Frontier is pleasant enough to work in, but whether it’s worth the time investment to learn depends on the nature of the site. About halfway through my research for this article, I thought Frontier’s seemingly boggling array of tables needed an nice user interface badly. A day later, though, it seems accessible and useful. However, if I hadn’t already had a good understanding of hierarchies, HTML, macros, and general scripting terms, I would have given up. Further, it’s difficult to remember how to use Frontier for running a Web site because the commands aren’t obvious on the menus and in the dialog boxes.

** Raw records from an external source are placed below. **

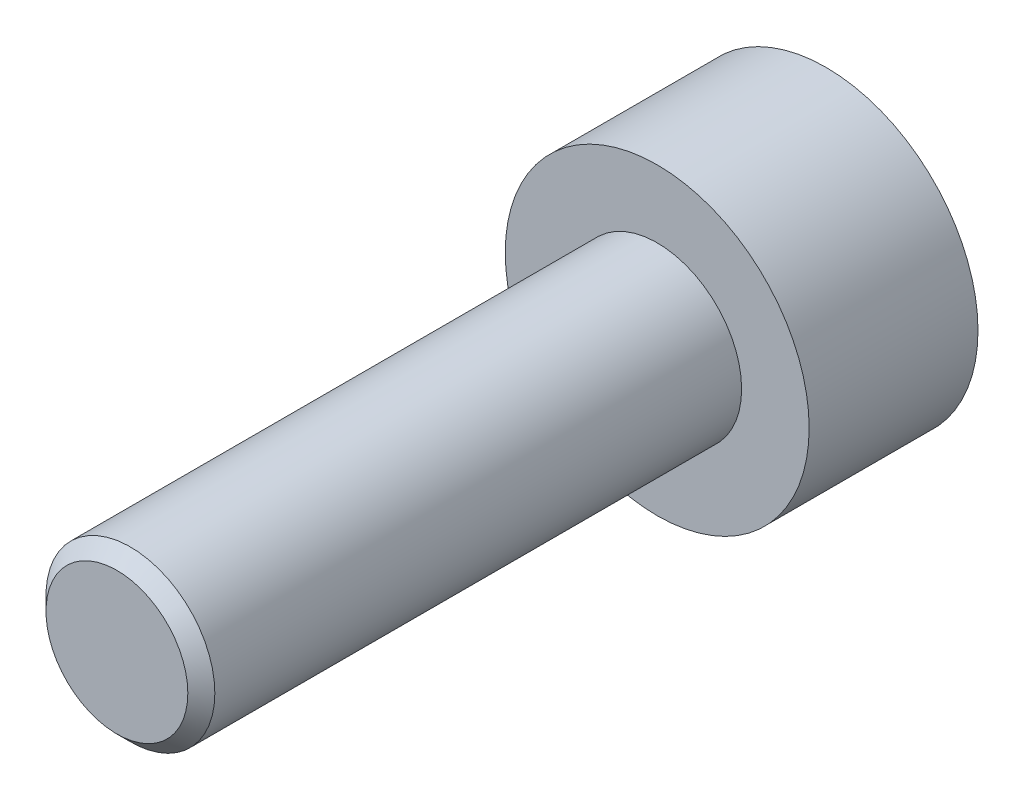
SolidWorks part; units mm, degrees
material "AISI 304"
ref_plane "前视基准面" through (0, 0, 0) normal (0, 0, 1) x (1, 0, 0)
ref_plane "上视基准面" through (0, 0, 0) normal (0, 1, 0) x (1, 0, 0)
ref_plane "右视基准面" through (0, 0, 0) normal (1, 0, 0) x (0, 0, -1)
sketch "草图1" plane through (0, 0, 0) normal (0, 0, 1) x (1, 0, 0)
  circle A0 centre (0, 0) radius 2.25
  dimension "D1" = 4.5
extrude "凸台-拉伸1" add sketch "草图1" along normal blind 2.5
sketch "草图2" plane through (0, 0, 2.5) normal (0, 0, 1) x (1, 0, 0)
  circle A0 centre (0, 0) radius 1.25
  dimension "D1" = 2.5
extrude "凸台-拉伸2" add sketch "草图2" along normal blind 8
chamfer "倒角1" distance 0.2 angle 45 1 edges at (1.25, 0, 10.5)
sketch "草图3" plane through (0, 0, 0) normal (0, 0, -1) x (-1, 0, 0)
  line L0 (0, 1.1778) -> (-1.02, 0.5889)
  line L1 (-1.02, 0.5889) -> (-1.02, -0.5889)
  line L2 (-1.02, -0.5889) -> (0, -1.1778)
  line L3 (0, -1.1778) -> (1.02, -0.5889)
  line L4 (1.02, -0.5889) -> (1.02, 0.5889)
  line L5 (1.02, 0.5889) -> (0, 1.1778)
  dimension "D1" = 2.04
extrude "切除-拉伸1" cut sketch "草图3" against normal blind 1.1
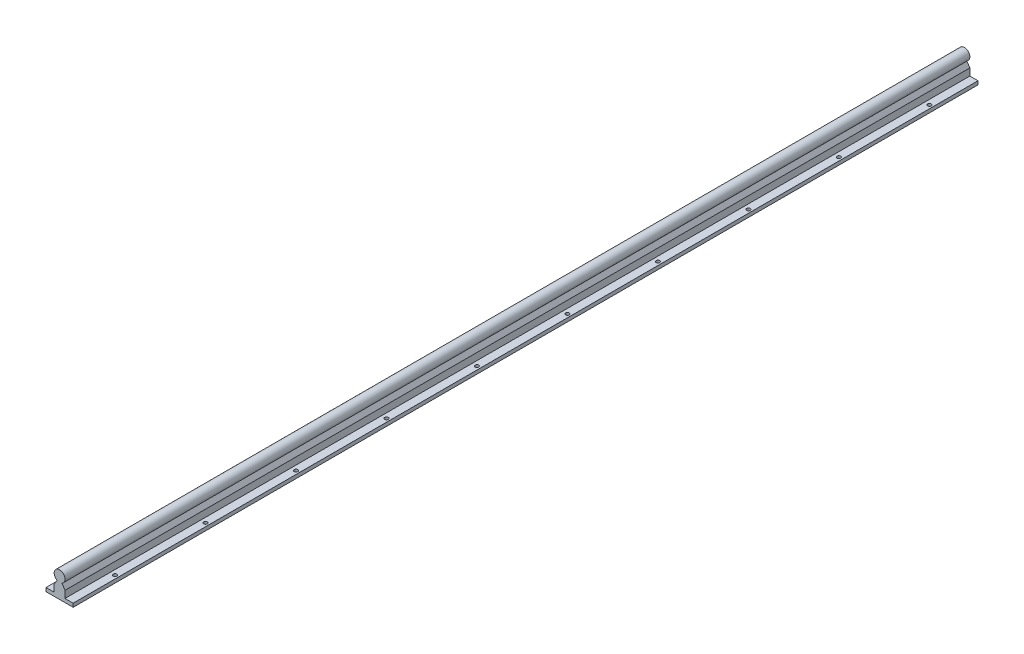
SolidWorks part; units mm, degrees
material "Chrome Stainless Steel"
ref_plane "Front Plane" through (0, 0, 0) normal (0, 0, 1) x (1, 0, 0)
ref_plane "Top Plane" through (0, 0, 0) normal (0, 1, 0) x (1, 0, 0)
ref_plane "Right Plane" through (0, 0, 0) normal (1, 0, 0) x (0, 0, -1)
sketch "Sketch1" plane through (0, 0, 0) normal (0, 0, 1) x (1, 0, 0)
  line L0 (19.7075, 0) -> (-10.2925, 0)
  line L1 (19.7075, 0) -> (19.7075, 4)
  line L2 (19.7075, 4) -> (10.7075, 4)
  line L3 (10.7075, 4) -> (10.7075, 11.8)
  line L4 (7.3075, 17) -> (10.7075, 11.8)
  line L5 (-1.2925, 11.8) -> (2.1075, 17)
  line L6 (4.7075, 2) -> (4.7075, 38.0795) construction
  line L9 (-1.2925, 4) -> (-1.2925, 11.8)
  line L10 (-10.2925, 0) -> (-10.2925, 4)
  line L11 (-10.2925, 4) -> (-1.2925, 4)
  arc A0 (7.3075, 17) -> (2.1075, 17) centre (4.7075, 22.4074) ccw
  point P17 (4.7075, 0)
  dimension "D5" = 6
  dimension "D1" = 15
  dimension "D2" = 4
  dimension "D4" = 17
  dimension "D6" = 2.6
  dimension "D8" = 22.4074
  dimension "D9" = 6
extrude "Boss-Extrude1" add sketch "Sketch1" along normal blind 1000
sketch "Sketch2" plane through (0, 4, 0) normal (0, 1, 0) x (1, 0, 0)
  line L0 (-1.2925, 0) -> (-10.2925, 0) construction
  line L1 (-10.2925, -1000) -> (-10.2925, 0) construction
  line L2 (19.7075, -1000) -> (19.7075, 0) construction
  circle A0 centre (-6.5425, -50) radius 2
  circle A1 centre (-6.5425, -150) radius 2
  circle A2 centre (-6.5425, -250) radius 2
  circle A3 centre (-6.5425, -350) radius 2
  circle A4 centre (-6.5425, -450) radius 2
  circle A5 centre (-6.5425, -550) radius 2
  circle A6 centre (-6.5425, -650) radius 2
  circle A7 centre (-6.5425, -750) radius 2
  circle A8 centre (-6.5425, -850) radius 2
  circle A9 centre (-6.5425, -950) radius 2
  circle A10 centre (15.9575, -50) radius 2
  circle A11 centre (15.9575, -150) radius 2
  circle A12 centre (15.9575, -250) radius 2
  circle A13 centre (15.9575, -350) radius 2
  circle A14 centre (15.9575, -450) radius 2
  circle A15 centre (15.9575, -550) radius 2
  circle A16 centre (15.9575, -650) radius 2
  circle A17 centre (15.9575, -750) radius 2
  circle A18 centre (15.9575, -850) radius 2
  circle A19 centre (15.9575, -950) radius 2
  dimension "D1" = 50
  dimension "D3" = 3.75
  dimension "D4" = 3.75
  dimension "D5" = 22.5
  dimension "D2" = 10
extrude "Cut-Extrude1" cut sketch "Sketch2" against normal up to next

You can import a existing site into Frontier, but you must recreate a lot of work by hand to take advantage of Frontier features. Frontier also lacks a few features that you might require. There’s no visual view that shows how pages and resources relate to one another, using a spider’s web or organizational chart analogy. There’s no tracking mechanism for noting which pages are done or who’s working on them. Creating unbreakable relative links in Frontier requires working with macros, whereas in other programs, you just drag a picture representing the link destination to the link source. Frontier also lacks a site-wide Find-and-Replace command and spelling checker, as well as a link checker and an HTML checker/validator, though I’m confident that knowledgeable Frontier users can work around those limitations by integrating Frontier with other applications.